Наталью Александровну он вспоминал чаще всего, но Марии и в голову не могло придти, чтобы ее любимый мог обращаться к ней, к Марии, по имени-отчеству. Значит, с этой женщиной, рассуждала Мария, у Василия связаны какие-то другие воспоминания, к любви никакого отношения не имеющие. Мария представляла эту Наталью Александровну толстой и злой бабой, которая оговорила ее Васю по комсомольской или партийной линии, возможно, что именно из-за нее его не приняли в комсомол и исключили с рабфака, а вовсе не из-за Ивана Кондорова: угрозы Ивановы казались Марии не более чем обыкновенным бахвальством.
Неделя, которую Марии дали за свой счет, кончилась слишком быстро, а в состоянии Василия не произошло почти никаких перемен к лучшему: высокая температура, беспамятство, сильная потливость, особенно по ночам, которую доктора называли лихорадкой, горячечный бред и хриплое дыхание.
Теперь Мария отсюда, из больницы, уходила на работу, сюда же возвращалась, как в общежитие, здесь ее кормили, считая за свою штатную работницу, потому что она и полы помоет, и другим больным, если надо, поможет, и горчичники поставит, и банки, только уколы ей делать не доверяли. И спала она здесь же, в сестринской комнате на диванчике, укрывшись своим стареньким пальто. Все помыслы ее сосредоточились на Василии, на том, чтобы вернуть его к жизни, но что она могла дать ему, кроме своей любви? Даже врачи беспомощно разводили руками, надеясь лишь на то, что молодость и здоровый организм выдержат эту борьбу со смертью и вернут Василия к жизни.
По ночам, когда все затихало, лишь слышалось бормотанье и стоны Василия и его соседа по палате, тоже тяжело больного, Мария начинала молиться и просить бога, в которого уже почти перестала верить, чтобы он прежде всего простил ей ее заблуждения, а простив, внял ее мольбам о спасении и сохранении жизни ее любимому, потому что без него ей тоже не жить.
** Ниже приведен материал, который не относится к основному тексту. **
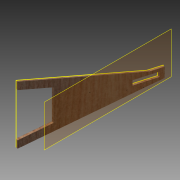
# Autodesk Inventor part: Stand
Saved by Autodesk Inventor 2017 (Build 210142000, 142)
## iProperties
Created: 2018-10-12
Part Number: Stand
Material: Wood (Birch)
Document SubType Name: Modeling
Designer: ari
Density: 0.55 g/cm^3
Appearance: Clear - Green 1
Author: ari
Autodesk Inventor part; units mm, degrees
ref_plane "XZ Plane" through (0, 0, 0) normal (0, 1, 0) x (-1, 0, 0)
ref_plane "XY Plane" through (0, 0, 0) normal (0, 0, 1) x (1, 0, 0)
sketch "Sketch1" plane through (0, 0, 0) normal (0, 0, 1) x (1, 0, 0)
  line L0 (-102.7278, -80.4997) -> (-34.2315, 155.1415)
  line L1 (-34.2315, 155.1415) -> (-39.0327, 156.5371)
  line L2 (-39.0327, 156.5371) -> (-107.529, -79.104)
  line L3 (-107.529, -79.104) -> (-102.7278, -80.4997)
  line L4 (-41.9395, 146.5371) -> (-41.9395, 156.5371) construction
  line L5 (-41.9395, 156.5371) -> (-39.0327, 156.5371) construction
  line L6 (-232.529, -80.4997) -> (-232.529, 130.1415) construction
  line L7 (-41.9395, 104.1062) -> (-418.1395, 104.1062) construction
  line L8 (-41.9395, 104.1062) -> (-41.9395, 339.3062) construction
  line L9 (-70.779, -80.4997) -> (-394.279, -80.4997) construction
  dimension "d0" = 5
  dimension "d2" = 10
  dimension "d3" = 125
  constraints: 14 end point, 2 parallel, 2 perpendicular, 1 point on line, 1 vertical
  measures "d0" distance of L2.end L0.start
  measures "d2" distance of L4.start L4.end
  measures "d3" distance from line of L6 L2.end
extrude "Extrusion1" add sketch "Sketch1" against normal blind 5
sketch "Sketch2" plane through (0, 0, 0) normal (0, 0, 1) x (1, 0, 0)
  line L0 (-102.7278, -80.4997) -> (-34.2315, 155.1415) projected
  line L1 (-34.2315, 155.1415) -> (-39.0327, 156.5371) projected
  line L2 (-39.0327, 156.5371) -> (-107.529, -79.104) projected
  line L3 (-107.529, -79.104) -> (-102.7278, -80.4997) projected
  point P0 (0, 0)
ref_plane "Work Plane1" through (-399.029, 141.4738, 12.0861) normal (0, -0.258819, -0.9659258) x (1, 0, 0)
extrude "Extrusion2" add sketch "Sketch2" along normal up to surface surface through (-399.029, 141.4738, 12.0861) normal (0, -0.258819, -0.9659258)
ref_plane "Work Plane2" through (-34.2315, 155.1415, 8.4239) normal (1, 0, 0) x (0, 1, 0)
sketch "Sketch7" plane through (0, 0, 0) normal (0, 0, 1) x (1, 0, 0)
  line L0 (-102.7278, -80.4997) -> (-34.2315, 155.1415) construction
  line L1 (-107.529, -79.104) -> (-39.0327, 156.5371) projected
  line L2 (-39.0327, 156.5371) -> (-34.2315, 155.1415)
  line L3 (-34.2315, 155.1415) -> (-47.3441, 110.0314)
  line L4 (-47.3441, 110.0314) -> (-52.1454, 111.4271)
  line L5 (-52.1454, 111.4271) -> (-39.0327, 156.5371)
  point P0 (0, 0)
  dimension "d19" = 46.9772
  constraints: 8 end point, 2 parallel, 2 perpendicular
  measures "d19" distance between parallel lines of L2 L4
extrude "Extrusion7" add sketch "Sketch7" along normal blind 15
sketch "Sketch3" plane through (-34.2315, 155.1415, 8.4239) normal (1, 0, 0) x (0, 1, 0)
  line L0 (-8.6044, -8.4239) -> (-51.0353, -8.4239) construction
  line L1 (-51.0353, -8.4239) -> (-51.0353, -0.0239) construction
  line L2 (-51.0353, -0.0239) -> (-8.6044, -0.0239) construction
  line L3 (-8.6044, -0.0239) -> (-8.6044, -8.4239) construction
  line L4 (-8.6044, -0.0239) -> (-51.0353, -8.4239) construction
  line L5 (-51.6353, 0.5761) -> (-8.0044, 0.5761)
  line L6 (-8.0044, 0.5761) -> (-8.0044, -9.0239)
  line L7 (-8.0044, -9.0239) -> (-51.6353, -9.0239)
  line L8 (-51.6353, -9.0239) -> (-51.6353, 0.5761)
  line L9 (-51.6353, 0.5761) -> (-8.0044, -9.0239) construction
  line L10 (-8.0044, 0.5761) -> (-51.6353, -9.0239) construction
  line L11 (-51.0353, -0.0239) -> (-51.0353, -8.5239) construction
  point P0 (-155.1415, -8.4239)
  point P1 (-29.8198, -4.2239)
  dimension "d10" = 0.6
  dimension "d11" = 0.6
  constraints: 22 end point, 4 parallel, 3 midpoint, 2 horizontal, 2 perpendicular
  measures "d10" distance between parallel lines of L7 L0
  measures "d11" distance between parallel lines of L6 L3
extrude "Extrusion3" cut sketch "Sketch3" along normal through all both and the other way through all
sketch "Sketch6" plane through (-102.7278, -80.4997, 71.5637) normal (0.9602541, -0.2791272, 0) x (0, 0, -1)
  line L0 (119.8334, 0) -> (76.5637, 0)
  line L1 (76.5637, 245.3946) -> (76.5637, 0) construction
  line L2 (119.8334, 0) -> (76.5637, 245.3946)
  line L3 (76.5637, 245.3946) -> (76.5637, 0)
  dimension "d16" = 10
  constraints: 6 end point, 1 collinear, 1 perpendicular
  measures "d16" angle of L2 L1
extrude "Extrusion6" add sketch "Sketch6" against normal up to surface (5 mm away)
sketch "Sketch8" plane through (-107.529, -79.104, -48.2697) normal (-0.9602541, 0.2791272, 0) x (0, 0, 1)
  line L0 (43.2697, 245.3946) -> (63.2697, 245.3946) projected
  line L1 (0, 0) -> (119.4595, 0) projected
  line L2 (63.2697, 218.3829) -> (119.4595, 0) projected
  line L3 (63.2697, 245.3946) -> (63.2697, 218.3829) projected
  line L4 (57.2697, 235.6055) -> (57.2697, 190.1687) projected
  line L5 (57.2697, 190.1687) -> (47.6697, 190.1687) projected
  line L6 (47.6697, 190.1687) -> (47.6697, 235.6055) projected
  line L7 (47.6697, 235.6055) -> (57.2697, 235.6055) projected
  line L8 (0, 0) -> (43.2697, 245.3946) projected
  point P0 (48.2697, 105.9743)
fillet "Fillet1" radius 2 2 edges at (-36.6321, 155.8393, -5) (-36.6321, 155.8393, 15)
fillet "Fillet1" radius 20 1 edges at (-43.969, 130.5991, 15)
sketch "Sketch9" plane through (-102.7278, -80.4997, 71.5637) normal (0.9602541, -0.2791272, 0) x (0, 0, -1)
  line L0 (0, 0) -> (55.8822, 217.1877) construction
  line L1 (76.8551, 243.7419) -> (119.8334, 0) construction
  line L2 (15, 0) -> (30.438, 60)
  line L3 (30.438, 60) -> (94.2538, 60)
  line L4 (94.2538, 60) -> (104.8334, 0)
  line L5 (15, 0) -> (104.8334, 0)
  line L6 (0, 0) -> (15, 0) construction
  line L7 (119.8334, 0) -> (76.8551, 243.7419) construction
  line L8 (104.8334, 0) -> (119.8334, 0) construction
  point P0 (71.5637, 105.9743)
  dimension "d24" = 15
  dimension "d25" = 60
  constraints: 12 end point, 2 collinear, 2 parallel, 1 horizontal
  measures "d24" distance of L0.start L2.start
  measures "d25" distance between parallel lines of L5 L3
extrude "Extrusion8" cut sketch "Sketch9" against normal through all
ref_plane "Work Plane5" through (-49.2408, 103.5062, 4.2) normal (0, 0, -1) x (-1, 0, 0)
sketch "Sketch10" plane through (-49.2408, 103.5062, 4.2) normal (0, 0, -1) x (-1, 0, 0)
  line L0 (5.2337, -27.2953) -> (13.8107, -29.5988) construction
  line L1 (6.5305, -22.4664) -> (5.2337, -27.2953) construction
  line L2 (15.1076, -24.7699) -> (6.5305, -22.4664) construction
  line L3 (13.8107, -29.5988) -> (15.1076, -24.7699) construction
  line L4 (-14.5481, 50.0483) -> (-9.7468, 51.4439) construction
  line L5 (-14.5481, 50.0483) -> (53.4869, -184.0059) construction
  line L6 (53.4869, -184.0059) -> (58.2882, -182.6103) construction
  line L7 (58.2882, -182.6103) -> (-9.7468, 51.4439) construction
  line L8 (53.4869, -184.0059) -> (-7.1361, 24.5495) construction
  line L9 (6.5305, -22.4664) -> (11.3318, -21.0707)
  line L10 (11.3318, -21.0707) -> (13.8107, -29.5988)
  line L11 (13.8107, -29.5988) -> (9.0095, -30.9944)
  line L12 (9.0095, -30.9944) -> (6.5305, -22.4664)
  line L13 (58.2882, -182.6103) -> (-9.7468, 51.4439) construction
  point P0 (-49.2408, -103.5062)
  constraints: 28 end point, 2 parallel, 2 perpendicular, 2 point on line, 1 coincident
extrude "Extrusion9" cut sketch "Sketch10" along normal through all
sketch "Sketch12" plane through (-49.2408, 103.5062, 4.2) normal (0, 0, -1) x (-1, 0, 0)
  line L0 (36.7393, -126.3907) -> (41.5406, -124.995) construction
  line L1 (36.7393, -126.3907) -> (41.5406, -124.995) construction
  line L2 (13.8107, -29.5988) -> (9.0095, -30.9944) construction
  line L3 (9.0095, -30.9944) -> (53.4869, -184.0059) construction
  line L4 (53.4869, -184.0059) -> (58.2882, -182.6103) construction
  line L5 (58.2882, -182.6103) -> (13.8107, -29.5988) construction
  line L6 (33.3898, -114.8676) -> (31.9941, -110.0663)
  line L7 (31.9941, -110.0663) -> (36.7954, -108.6707)
  line L8 (36.7954, -108.6707) -> (38.191, -113.472)
  line L9 (38.191, -113.472) -> (33.3898, -114.8676)
  point P0 (-49.2408, -103.5062)
  dimension "d32" = 12
  dimension "d33" = 5
  constraints: 8 end point, 3 point on line, 2 parallel, 1 perpendicular
  measures "d32" distance between parallel lines of L0 L9
  measures "d33" distance between parallel lines of L9 L7
extrude "Extrusion10" cut sketch "Sketch12" along normal through all
body "Solid1"

Мария рассказывала богу, какой умный и красивый ее Василий, как несправедливо с ним поступили, что он, если бы выучился, стал бы инженером, но если даже и не выучится, то и ладно, не так уж это важно быть ученым человеком, тем более что ее двоюродный брат Мишка от этой самой учености помер. Поэтому без учености оно и лучше, лишь бы Василий остался жить, а уж она бы для него постаралась. И бога бы никогда не забывала, всегда бы молилась ему и во здравие, и за упокой…
Разговаривая с богом, вспоминая полузабытые молитвы, Мария видела перед собой не старика с седою бородой, восседающего на облаке, а своего старшего брата Михаила, который был для нее всем, и у которого она всегда искала утешения. Мария тихонько плакала, глядя на бледное испитое лицо Василия, заросшее кудрявым волосом, прижималась мокрой от слез щекой к его пылающей от жара щеке, шептала ему в ухо примерно то же самое, что только что мысленно говорила богу-брату своему, надеясь, что просьбы ее и мольбы дойдут до Василия через его беспамятство и помогут ему встать на ноги. А потом они…
Нет, дальше Мария загадывать боялась, дальше был мрак и пугающая неизвестность.
Однажды поздним вечером — было это одиннадцатого мая, — когда Мария, обтерев Василия влажным полотенцем, собралась уже пойти в сестринскую поспать перед завтрашним рабочим днем, Василий вдруг открыл глаза и при слабом свете ночника Мария увидела его пристальный взгляд — и испуганно замерла над ним с мокрым полотенцем в руках.
Василий смотрел на нее не мигая, смотрел молча, напряженно, как смотрят глухонемые, пытаясь привлечь к себе внимание. Но больше взгляд его походил на взгляд человека, который вот-вот должен помереть. Так смотрел на нее третьего дня еще не шибко старый рабочий с Адмиралтейских верфей, Евграф Дормидонтыч, который лежал на соседней койке, смотрел так же пристально и неподвижно, потом вздохнул и обмяк, а глаза его остановились и остекленели.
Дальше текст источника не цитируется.